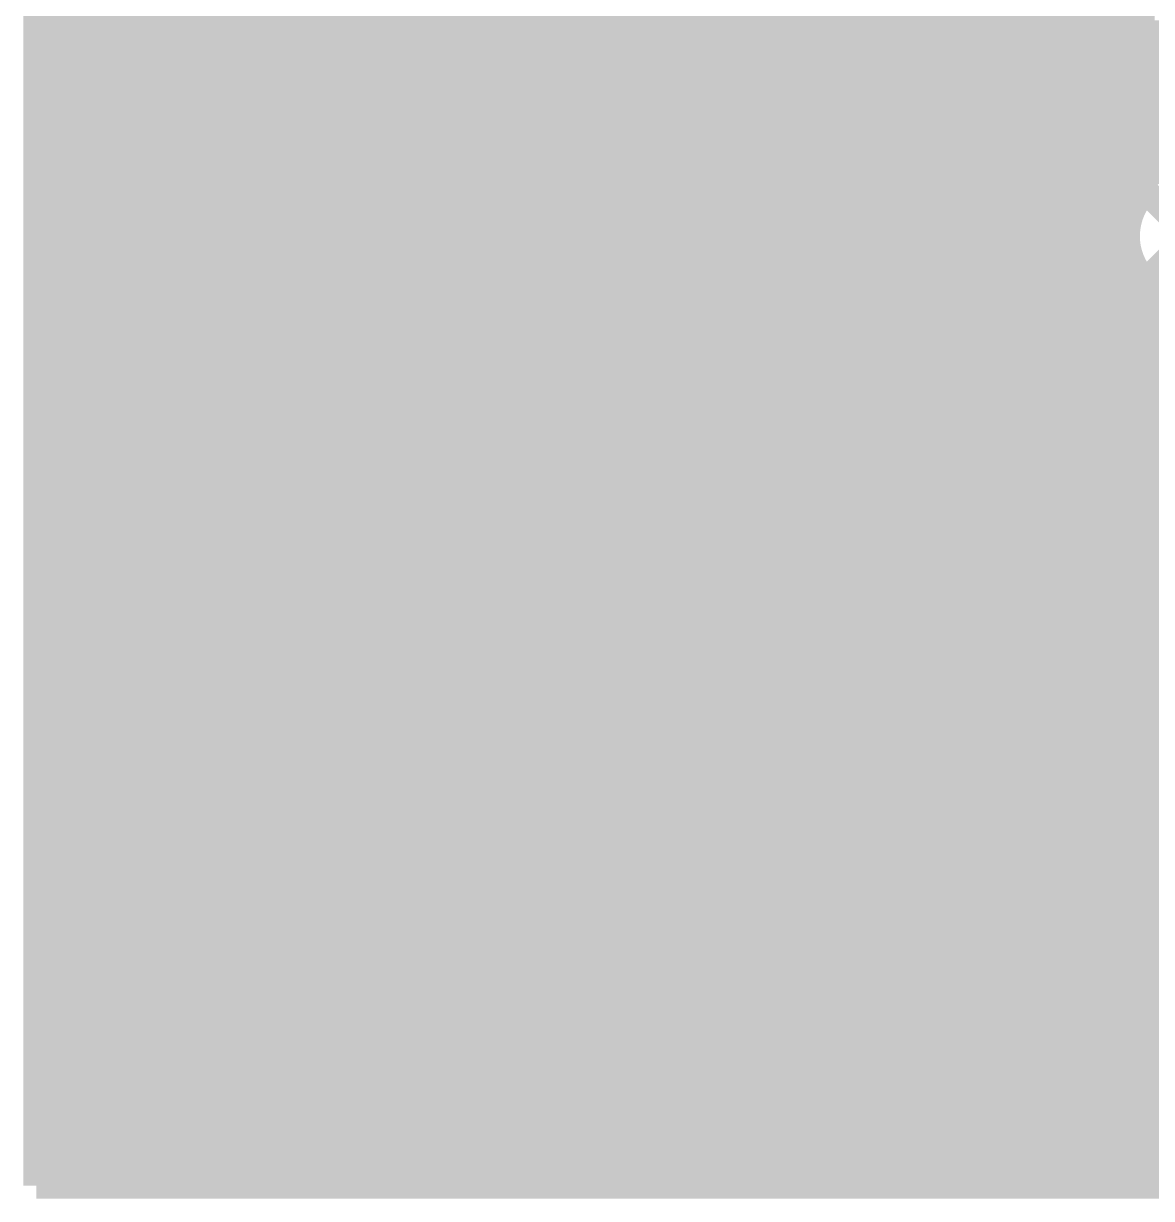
# Model space of a CAD drawing. Extents: x -11 to 221, y -93 to 178.
# Drawn here: x 17.02 to 28.19, y 40.39 to 52.01 of the extents above; entities that cross this region are included whole.
import ezdxf

# ---------------------------------------------------------------- set-up
doc = ezdxf.new("R2010")
doc.units = 0
doc.header["$MEASUREMENT"] = 0
doc.layers.get('0').update_dxf_attribs({"linetype": 'CONTINUOUS'})
for name, color, linetype in [('26-349-0_BOT', 7, 'CONTINUOUS'), ('26-349-0_DRD', 7, 'CONTINUOUS'), ('26-349-0_DRL', 2, 'CONTINUOUS'), ('26-349-0_FAB', 1, 'CONTINUOUS'), ('26-349-0_IN1', 3, 'CONTINUOUS'), ('26-349-0_IN2', 5, 'CONTINUOUS'), ('26-349-0_SMB', 10, 'CONTINUOUS'), ('26-349-0_SMT', 14, 'CONTINUOUS'), ('26-349-0_SPT', 9, 'CONTINUOUS'), ('26-349-0_SST', 12, 'CONTINUOUS'), ('26-349-0_TOP', 11, 'CONTINUOUS'), ('THRUHOLE_TAP', 15, 'CONTINUOUS')]:
    doc.layers.add(name, color=color, linetype=linetype)

# ---------------------------------------------------------------- blocks, each defined once
blk = doc.blocks.new('ROUND_50')
at = {"const_width": 1.09982}
blk.add_lwpolyline([(-0.54991, 0, 1), (0.54991, 0, 1)], format="xyb", close=True, dxfattribs=at)
blk = doc.blocks.new('ROUND_96')
at = {"const_width": 0.50038}
blk.add_lwpolyline([(-0.25019, 0, 1), (0.25019, 0, 1)], format="xyb", close=True, dxfattribs=at)
blk = doc.blocks.new('RECTANGLE_18')
blk.add_solid([(0.25019, 0.40005), (0.25019, -0.40005), (-0.25019, 0.40005), (-0.25019, -0.40005)])
blk = doc.blocks.new('OBLONG_53')
at = {"const_width": 0.65024}
blk.add_lwpolyline([(0, 0.50038), (0, -0.50038)], dxfattribs=at)
at = {"const_width": 0.32512}
for points in [[(-0.16256, 0.50038, 1), (0.16256, 0.50038, 1)], [(-0.16256, -0.50038, 1), (0.16256, -0.50038, 1)]]:
    blk.add_lwpolyline(points, format="xyb", close=True, dxfattribs=at)
blk = doc.blocks.new('ROUND_90')
at = {"const_width": 0.50038}
blk.add_lwpolyline([(-0.25019, 0, 1), (0.25019, 0, 1)], format="xyb", close=True, dxfattribs=at)

msp = doc.modelspace()

# ---------------------------------------------------------------- linework, layer by layer
at = {"layer": '26-349-0_BOT', "const_width": 0.254}
for points in [[(17.145, 97.409), (17.145, 40.513)], [(17.3736, 97.409), (17.3736, 40.513)], [(17.6022, 97.409), (17.6022, 40.513)], [(17.8308, 97.409), (17.8308, 40.513)], [(18.0594, 97.409), (18.0594, 40.513)], [(18.288, 97.409), (18.288, 40.513)], [(18.5166, 97.409), (18.5166, 40.513)], [(18.7452, 97.409), (18.7452, 40.513)], [(18.9738, 97.409), (18.9738, 51.2826)], [(19.2024, 97.409), (19.2024, 51.69154)], [(19.431, 97.409), (19.431, 51.92014)], [(19.6596, 97.409), (19.6596, 52.06746)], [(21.0312, 97.409), (21.0312, 52.03952)], [(21.2598, 97.409), (21.2598, 51.87696)], [(24.4602, 97.409), (24.4602, 40.513)], [(24.6888, 97.409), (24.6888, 40.513)], [(24.9174, 97.409), (24.9174, 40.513)], [(25.146, 97.409), (25.146, 40.513)], [(26.7462, 97.409), (26.7462, 40.513)], [(26.9748, 97.409), (26.9748, 40.513)], [(27.2034, 97.409), (27.2034, 40.513)], [(26.5176, 69.4436), (26.5176, 40.513)], [(21.4884, 63.09614), (21.4884, 51.62296)], [(24.2316, 63.09614), (24.2316, 40.513)], [(21.717, 62.64148), (21.717, 51.1048)], [(24.003, 62.64148), (24.003, 40.513)], [(21.9456, 62.40018), (21.9456, 40.513)], [(23.7744, 62.40018), (23.7744, 40.513)], [(22.1742, 62.24524), (22.1742, 40.513)], [(23.5458, 62.24524), (23.5458, 40.513)], [(22.4028, 62.14364), (22.4028, 40.513)], [(22.6314, 62.08776), (22.6314, 40.513)], [(23.0886, 62.08776), (23.0886, 40.513)], [(23.3172, 62.14364), (23.3172, 40.513)], [(22.86, 62.06998), (22.86, 40.513)], [(26.289, 59.57062), (26.289, 40.513)], [(25.3746, 59.4614), (25.3746, 40.513)], [(25.6032, 59.33948), (25.6032, 40.513)], [(25.8318, 59.31662), (25.8318, 40.513)], [(26.0604, 59.38012), (26.0604, 40.513)], [(27.432, 55.80126), (27.432, 40.513)], [(27.6606, 55.6641), (27.6606, 40.513)], [(27.8892, 55.4482), (27.8892, 40.513)], [(28.0543, 55.2831), (28.0543, 50.26406)], [(19.46148, 51.943), (17.145, 51.943)], [(28.0543, 51.943), (21.17852, 51.943)], [(19.30908, 51.81092), (20.32, 50.8)], [(21.33092, 51.81092), (20.32, 50.8)], [(19.22018, 51.7144), (17.145, 51.7144)], [(28.0543, 51.7144), (21.41982, 51.7144)], [(19.06524, 51.4858), (17.145, 51.4858)], [(28.0543, 51.4858), (21.57476, 51.4858)], [(18.96364, 51.2572), (17.145, 51.2572)], [(28.0543, 51.2572), (21.67382, 51.2572)], [(18.90776, 51.0286), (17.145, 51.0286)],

....................

• _TASK BRIEF_
Reply with nothing except the number of lines in the records that include the word "blocks".

• _SOLUTION TO THIS PROBLEM_
6